Выбрать главу

Проведя десять лет послом в Канаде, только недавно вернувшийся в Москву Александр Яковлев не мог, конечно, настолько хорошо знать киношную элиту, чтобы мало-мальски осознанно вышелушить из нее фигуру, способную пройти горнило голосований и сменить Льва Кулиджанова.

Так что, пользуясь правами драматурга, имеющего свою версию, представлю на минутку, как гуляет Александр Николаевич вечерком по дорожкам в закрытой, отделенной от прочих российских земель элитной зоне, и видит на волейбольной площадке парня, лихо бьющего по мячу.

- А чей это?

- Это Германа Степановича сынок, режиссер. Слышали, наверное, "Агония"...Натерпелся от Ермаша, бедняга...

- А, понятно... - и пошел дальше член Политбюро, сильно задумавшись.

Отца Элема Яковлев мог хорошо знать. Оба на разных этапах своих карьер занимались похожими делами: тот - партийный контроль ЦК, этот - член Центральной ревизионной комиссии ЦК. Оба проверяют, следят за порядком. Один в начале своей карьеры занимался делами реабилитации, другой - в конце. Такое получается совпадение-сходство. И вот выясняется, что сынишка Германа Степановича - кинорежиссер! Не забудем, что все происходило задолго до того, когда коммунисты потянулись сдавать членские билеты и даже смело их рвать, оказавшись в телевизоре.

Когда же Яковлев "изучил вопрос", то совсем убедился, что угадал: с одной стороны, парень натерпелся при старых порядках, а, значит, будет крушить с удовольствием, с другой, - все-таки он "из наших".

Захваченный масштабной целью - побыстрее перевести отечественный кинематограф на новые рельсы, которые, правда, никто еще не уложил, Яковлеву тем более не пришло в голову приглядеться к личным особенностям того, кого он вознамерился поставить во главе погрома.

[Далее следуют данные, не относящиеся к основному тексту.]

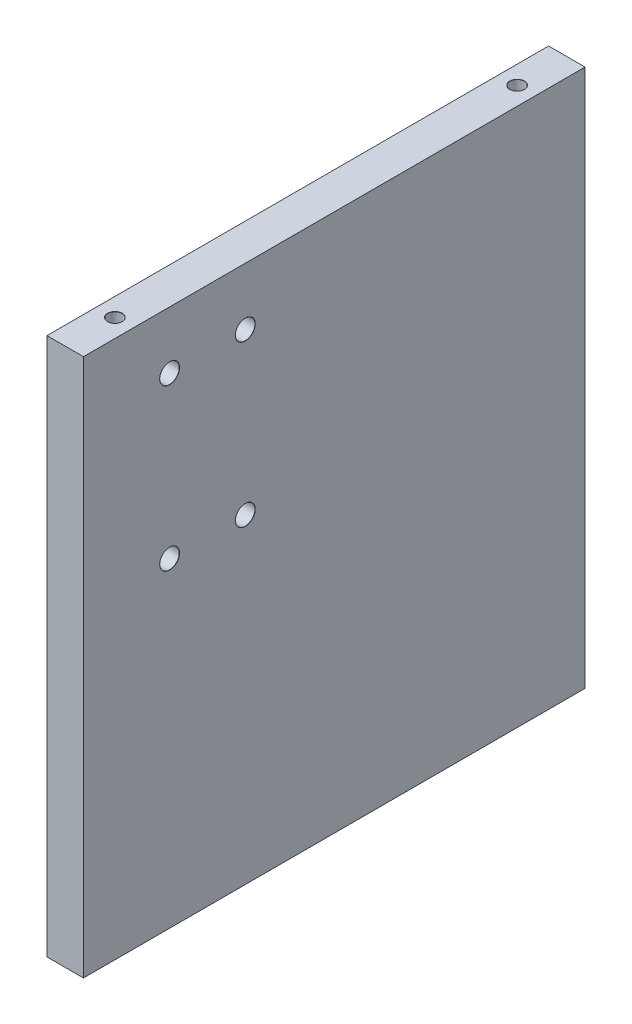
SolidWorks part; units mm, degrees
ref_plane "Front Plane" through (0, 0, 0) normal (0, 0, 1) x (1, 0, 0)
ref_plane "Top Plane" through (0, 0, 0) normal (0, 1, 0) x (1, 0, 0)
ref_plane "Right Plane" through (0, 0, 0) normal (1, 0, 0) x (0, 0, -1)
sketch "Sketch1" plane through (0, 0, 0) normal (1, 0, 0) x (0, 0, -1)
  line L1 (-43.65, -46.825) -> (43.65, -46.825)
  line L2 (-43.65, -46.825) -> (-43.65, 46.825)
  line L3 (-43.65, 46.825) -> (43.65, 46.825)
  line L4 (43.65, -46.825) -> (43.65, 46.825)
  line L5 (-43.65, -46.825) -> (43.65, 46.825) construction
  line L6 (-43.65, 46.825) -> (43.65, -46.825) construction
  point P0 (0, 0)
extrude "Boss-Extrude1" add sketch "Sketch1" along normal blind 6.35
sketch "Sketch2" plane through (0, 46.825, 0) normal (0, 1, 0) x (1, 0, 0)
  line L0 (3.175, 43.65) -> (3.175, 35)
  line L1 (6.35, 43.65) -> (0, 43.65) construction
  line L2 (3.175, -43.65) -> (3.175, -35)
  line L3 (6.35, -43.65) -> (0, -43.65) construction
hole_wizard "Tap Drill for M3x0.5 Tap1" positions "Sketch3" profile "Sketch4" hole size "M3x0.5" standard "ANSI Metric"
sketch "Sketch3" plane through (0, 46.825, 0) normal (0, 1, 0) x (1, 0, 0)
  point P0 (3.175, 35)
  point P3 (3.175, -35)
sketch "Sketch4" plane through (3.175, 46.825, -35) normal (1, 0, 0) x (0, 0, 1)
  line L0 (0, 0) -> (0, 10.7511)
  line L1 (0, 10.7511) -> (1.25, 10)
  line L2 (1.25, 10) -> (1.25, 0.025)
  line L3 (1.25, 0.025) -> (1.275, 0)
  line L5 (1.275, 0) -> (0, 0)
  line L6 (-1.25, 0.025) -> (-1.275, 0) construction
  line L10 (0, 10.7511) -> (-1.25, 10) construction
  line L11 (0, -6.35) -> (0, 107.95) construction
  dimension "Hole Dia." = 2.5
  dimension "Hole Depth" = 10
  dimension "Near C'Sink Dia." = 2.55
  dimension "Near C'Sink Angle" = 90
  dimension "Drill Angle" = 118
sketch "Sketch5" plane through (0, -46.825, 0) normal (0, -1, 0) x (1, 0, 0)
  line L0 (3.175, 43.65) -> (3.175, 35)
  line L1 (3.175, -43.65) -> (3.175, -35)
  line L2 (6.35, -43.65) -> (0, -43.65) construction
hole_wizard "Tap Drill for M3x0.5 Tap2" positions "Sketch6" profile "Sketch7" hole size "M3x0.5" standard "ANSI Metric"
sketch "Sketch6" plane through (0, -46.825, 0) normal (0, -1, 0) x (-1, 0, 0)
  point P0 (-3.175, -35)
  point P3 (-3.175, 35)
sketch "Sketch7" plane through (3.175, -46.825, 35) normal (1, 0, 0) x (0, 0, -1)
  line L0 (0, 0) -> (0, 10)
  line L1 (0, 10) -> (1.25, 9.2489)
  line L2 (1.25, 9.2489) -> (1.25, 0.025)
  line L3 (1.25, 0.025) -> (1.275, 0)
  line L5 (1.275, 0) -> (0, 0)
  line L6 (-1.25, 0.025) -> (-1.275, 0) construction
  line L10 (0, 10) -> (-1.25, 9.2489) construction
  line L11 (0, -6.35) -> (0, 107.95) construction
  dimension "Hole Dia." = 2.5
  dimension "Hole Depth" = 10
  dimension "Near C'Sink Dia." = 2.55
  dimension "Near C'Sink Angle" = 90
  dimension "Drill Angle" = 118
sketch "Sketch11" plane through (6.35, 0, 0) normal (1, 0, 0) x (0, 0, -1)
  line L0 (-43.65, 46.825) -> (-43.65, 36.825)
  line L1 (-43.65, 46.825) -> (-43.65, -46.825) construction
  line L2 (-43.65, 36.825) -> (-28.65, 36.825)
  line L3 (-28.65, 36.825) -> (-28.65, 8.885)
  line L4 (-28.65, 8.885) -> (-15.48, 8.885)
  line L5 (-15.48, 8.885) -> (-15.48, 36.825)
hole_wizard "M3 Clearance Hole2" positions "Sketch12" profile "Sketch13" hole size "M3" standard "ANSI Metric" end condition through all
sketch "Sketch12" plane through (6.35, 0, 0) normal (1, 0, 0) x (0, 0, -1)
  point P0 (-28.65, 36.825)
  point P3 (-15.48, 36.825)
  point P6 (-15.48, 8.885)
  point P9 (-28.65, 8.885)
sketch "Sketch13" plane through (6.35, 36.825, 28.65) normal (0, 1, 0) x (0, 0, -1)
  line L0 (0, 0) -> (0, 6.35)
  line L1 (0, 6.35) -> (1.7, 6.35)
  line L2 (1.7, 6.35) -> (1.7, 0.025)
  line L3 (1.7, 0.025) -> (1.725, 0)
  line L5 (1.725, 0) -> (0, 0)
  line L6 (-1.7, 0.025) -> (-1.725, 0) construction
  line L11 (0, -6.35) -> (0, 107.95) construction
  dimension "Thru Hole Dia." = 3.4
  dimension "Thru Hole Depth" = 6.35
  dimension "Near C'Sink Dia." = 3.45
  dimension "Near C'Sink Angle" = 90

А худший вариант, чем тот, который он выбрал, придумать было трудно: одни противопоказания, если приглядеться. Причем для всех - и для огромного творческого коллектива кинематографистов, и для самого выбранного. Повышенная впечатлительность и душевная ранимость, которыми Элем был наделен - верные спутники в художественном творчестве. Но они - беда для руководителя. К тому же Климов - он и сам в этом признавался - всегда был крайней неудовлетворен всем, что делал как режиссер, и очень от того страдал. Внутренние страдания не могли не проявляться и во вне, неся в свою очередь страдания окружающим. И совсем уже трагическую печать наложила на его существование, его сокрушала - потеря Ларисы. Все это сплелось, перемешалось, по-особому прочертило его личность. К моменту выдвижения он был (стал) запредельно субъективным, категорично резким и очень не добрым.

Чтобы сберечь такого человека для кино, его никак нельзя было выдвигать "на должность". А ему соглашаться. Что и стало ясно с первых же шагов. Он начал палить себя и всех вокруг. Если не всех, то многих. Особенно, с кем можно было свести счеты. Страсть низкая, но у определенных натур способная проявлять себя очень сильно.

Выяснилось, что он не умеет делать то, за что легкомысленно взялся. Он и на высоком посту остался индивидуалистом-художником, перевозбужденным обстоятельствами. Менеджерских, продюсерских черт в нем не оказалось. Тут скорее добился бы успеха некий по-умному уравновешенный рационалист, способный при всех жизненных поворотах не терять из виду финал дела, умеющий отбрасывать по пути к конечному успеху личностное и второстепенное. То есть, нужен был не Климов...

Ему не повезло. Советские яковлевы никогда не бывали озабочены психологическими нюансами. Большевики вообще, как известно, особо не утруждались интересами гуманизма, как абстрактного, так и по-человечески конкретного.

Довольно точно, мне кажется, критик Любовь Аркус обозначила в "Новейшей истории кино" причины, приведшие к избранию Элема Климова первым секретарем: "В сложившейся ситуации, - пишет она, - ни одна кандидатура не могла получить всеобщего одобрения, однако фигуру Климова со всеми оговорками можно счесть компромиссной. "Консерваторы", выбиравшие из многих зол, посчитали его избрание злом наименьшим: во-первых, будучи сыном крупного партийного чиновника, он... неосознанно воспринимался ими как "социально близкий", что никем не формулировалось, но всеми подразумевалось; во-вторых, он принадлежал к типу "человека общественного", то есть того, кто даже и вступая в оппозицию к системе, все же ощущает себя внутри ее, а не вне. Еще больше оснований расценить результаты выборов как свою безоговорочную победу у "либералов": энергичные, талантливые, нисколько не похожие друг на друга фильмы Климова, все как один отмеченные "печатью формализма" и идеологической неблагонадежности, почти всегда вызывали официальное неудовольствие..." (Том IV, стр.69).